What you will do: Produce a copy of every line in the records that holds the string "along".

START Available records

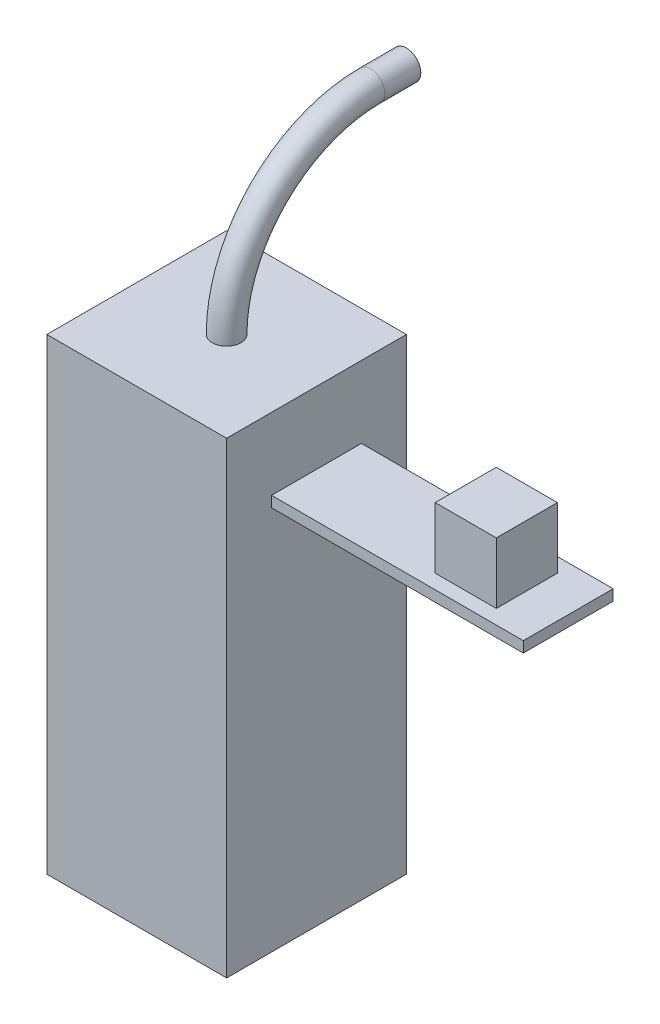
SolidWorks part; units mm, degrees
ref_plane "Plano frontal" through (0, 0, 0) normal (0, 0, 1) x (1, 0, 0)
ref_plane "Plano superior" through (0, 0, 0) normal (0, 1, 0) x (1, 0, 0)
ref_plane "Plano direito" through (0, 0, 0) normal (1, 0, 0) x (0, 0, -1)
sketch "Esboço1" plane through (0, 0, 0) normal (0, 1, 0) x (1, 0, 0)
  line L1 (25, 25) -> (-25, 25)
  line L2 (25, 25) -> (25, -25)
  line L3 (25, -25) -> (-25, -25)
  line L4 (-25, 25) -> (-25, -25)
  line L5 (25, 25) -> (-25, -25) construction
  line L6 (25, -25) -> (-25, 25) construction
  point P0 (0, 0)
  dimension "D1" = 50
  dimension "D2" = 50
extrude "Ressalto-extrusão1" add sketch "Esboço1" along normal blind 130
sketch "Esboço2" plane through (25, 0, 0) normal (1, 0, 0) x (0, 0, -1)
  line L0 (-25, 130) -> (25, 130) construction
  line L1 (-12.5, 110) -> (12.5, 110)
  line L2 (-12.5, 110) -> (-12.5, 107)
  line L3 (-12.5, 107) -> (12.5, 107)
  line L4 (12.5, 110) -> (12.5, 107)
  line L5 (-12.5, 110) -> (12.5, 107) construction
  line L6 (-12.5, 107) -> (12.5, 110) construction
  point P0 (0, 108.5)
  point P7 (0, 130)
  point P8 (0, 0)
  point P9 (0, 0)
  dimension "D1" = 3
  dimension "D2" = 25
  dimension "D3" = 20
extrude "Ressalto-extrusão2" add sketch "Esboço2" along normal blind 70
sketch "Esboço4" plane through (0, 110, 0) normal (0, 1, 0) x (1, 0, 0)
  line L0 (25, 12.5) -> (25, -12.5) construction
  line L1 (83.5, 8.5) -> (66.5, 8.5)
  line L2 (83.5, 8.5) -> (83.5, -8.5)
  line L3 (83.5, -8.5) -> (66.5, -8.5)
  line L4 (66.5, 8.5) -> (66.5, -8.5)
  line L5 (83.5, 8.5) -> (66.5, -8.5) construction
  line L6 (83.5, -8.5) -> (66.5, 8.5) construction
  point P0 (75, 0)
  point P5 (25, 0)
  point P6 (0, 0)
  dimension "D1" = 50
  dimension "D2" = 17
  dimension "D3" = 17
extrude "Ressalto-extrusão3" add sketch "Esboço4" along normal blind 17
sketch "Esboço5" plane through (0, 130, 0) normal (0, 1, 0) x (1, 0, 0)
  circle A0 centre (0, 0) radius 4
  dimension "D1" = 8
sketch "Esboço6" plane through (0, 0, 0) normal (1, 0, 0) x (0, 0, -1)
  line L0 (4, 130) -> (-4, 130) construction
  line L1 (40, 170) -> (50, 170)
  arc A0 (0, 130) -> (40, 170) centre (40, 130) cw
  dimension "D1" = 40
  dimension "D2" = 10
sweep "Varredura1" add profiles "Esboço5" path "Esboço6"

END Available records

Your solution:
extrude "Ressalto-extrusão1" add sketch "Esboço1" along normal blind 130
extrude "Ressalto-extrusão2" add sketch "Esboço2" along normal blind 70
extrude "Ressalto-extrusão3" add sketch "Esboço4" along normal blind 17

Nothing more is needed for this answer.